Brain damage resulting from alcohol consumption continues to progress until at least the sixth week of sobriety. “Until now, nobody could believe that in the absence of alcohol the damage in the brain would progress,” said research coordinator Dr Santiago Canals from the Institute of Neurosciences.

The study used MRI to look at the brain of 91 patients with an average age of 46; all with an alcohol-induced disorder. To compare the neuroimages the researches had a control group consisting of 36 healthy men with an average age of 41.

The participants were hospitalised in a detoxification program, where researches could closely monitor the consumption of any addictive substances. As a result, abstinence is guaranteed and it can be followed closely. The period of abstinence is “critical because relapses lead to chronic alcohol consumption,” noted Dr Canals.

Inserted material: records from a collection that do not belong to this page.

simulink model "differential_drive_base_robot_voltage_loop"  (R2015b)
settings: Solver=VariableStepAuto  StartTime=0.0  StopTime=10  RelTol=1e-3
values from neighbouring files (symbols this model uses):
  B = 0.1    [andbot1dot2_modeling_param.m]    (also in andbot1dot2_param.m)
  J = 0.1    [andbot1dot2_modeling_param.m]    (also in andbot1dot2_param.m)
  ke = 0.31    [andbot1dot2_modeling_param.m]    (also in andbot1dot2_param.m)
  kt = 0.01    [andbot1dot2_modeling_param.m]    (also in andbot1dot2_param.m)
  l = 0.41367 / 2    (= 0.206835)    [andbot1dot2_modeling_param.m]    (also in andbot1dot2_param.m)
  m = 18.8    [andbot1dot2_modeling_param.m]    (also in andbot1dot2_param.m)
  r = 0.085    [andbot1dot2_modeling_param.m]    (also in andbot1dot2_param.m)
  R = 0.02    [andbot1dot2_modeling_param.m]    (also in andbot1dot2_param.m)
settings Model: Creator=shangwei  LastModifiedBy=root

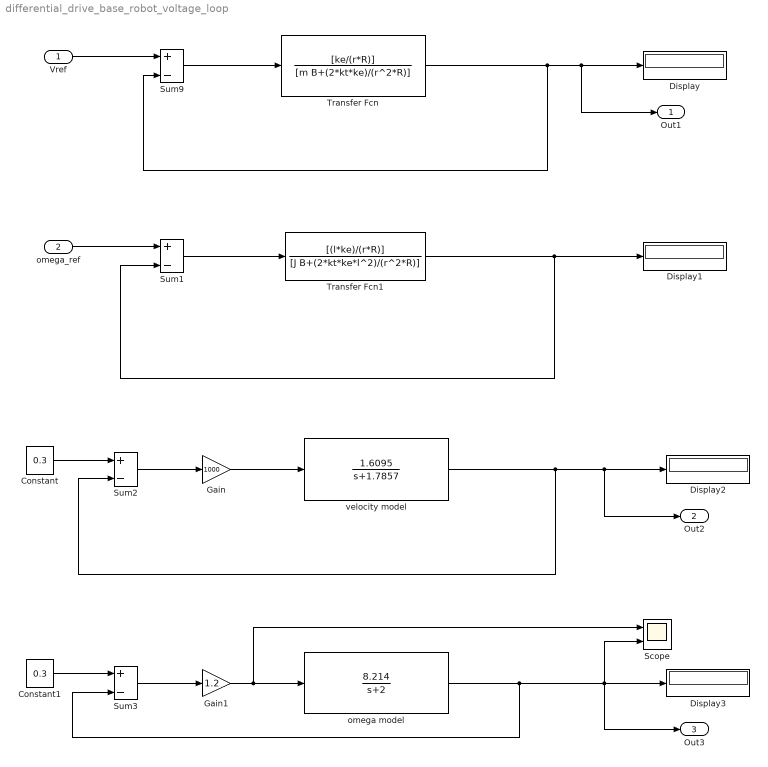
== system differential_drive_base_robot_voltage_loop ==
  Vref : Inport
  omega_ref : Inport  Port=2
  Constant : Constant  Value=0.3
  Constant1 : Constant  Value=0.3
  Display{,1..3} (4 alike) : Display
  Gain : Gain  Gain=1000
  Gain1 : Gain  Gain=1.2
  Scope : Scope  NumInputPorts=2
  Sum{1..3,9} (4 alike) : Sum  Inputs=+-
  Transfer Fcn : TransferFcn  Numerator=[ke/(r*R)]  Denominator=[m B+(2*kt*ke)/(r^2*R)]
  Transfer Fcn1 : TransferFcn  Numerator=[(l*ke)/(r*R)]  Denominator=[J B+(2*kt*ke*l^2)/(r^2*R)]
  omega model : TransferFcn  Numerator=[8.214]  Denominator=[1 2]
  velocity model : TransferFcn  Numerator=[1.6095]  Denominator=[1 1.7857]
  Out1 : Outport
  Out2 : Outport  Port=2
  Out3 : Outport  Port=3
  wires:
  Sum9/1 -> Transfer Fcn/1
  Transfer Fcn/1 -> Sum9/2, Out1/1, Display/1
  Vref/1 -> Sum9/1
  Sum1/1 -> Transfer Fcn1/1
  omega_ref/1 -> Sum1/1
  Transfer Fcn1/1 -> Sum1/2, Display1/1
  Sum2/1 -> Gain/1
  velocity model/1 -> Sum2/2, Display2/1, Out2/1
  Constant/1 -> Sum2/1
  Gain/1 -> velocity model/1
  Sum3/1 -> Gain1/1
  omega model/1 -> Sum3/2, Scope/2, Out3/1, Display3/1
  Constant1/1 -> Sum3/1
  Gain1/1 -> Scope/1, omega model/1

Rats and Alcohol Dependence

The research also involves a parallel study with rats with a preference for alcohol. This section of the study “allows to monitor the transition from normal to alcohol dependence in the brain, a process that is not possible to see in humans,” notes the lead author of the research Dr Silvia de Santis, from the Institute of Neurosciences.

The results show that alcohol consumption results in a generalised change in the white matter, which is the set of fibres that connect different parts of the brain. The changes are stronger in the corpus callosum and the fimbria. The corpus callosum is associated with the communication between both hemispheres of the brain. “The fimbria contains the nerve fibres that communicate the hippocampus, a fundamental structure for the formation of memories, with the nucleus accumbens and the prefrontal cortex,” explains Dr Canals.

The damaging effects of alcohol in the brain are well known, but there’s still a lack of diagnostics markers to characterise alcohol induce brain damage. The researchers from Spain and Germany are working on this further. They are focusing now on distinguishing the inflammatory and degenerative processes independently and more accurately. The goal is to understand the progression during the early abstinence phase on people with alcohol abuse problems. The beginning of abstinence is a key phase due to the high rate of relapse it represents.

Excessive alcohol consumption is responsible for approximately 3,3 million worldwide deaths annually and is the source of at least 200 diseases. According to AA Netherlands, approximately 4,400 people die annually in The Netherlands due to alcohol misuse and there are at least 300,000 alcoholics.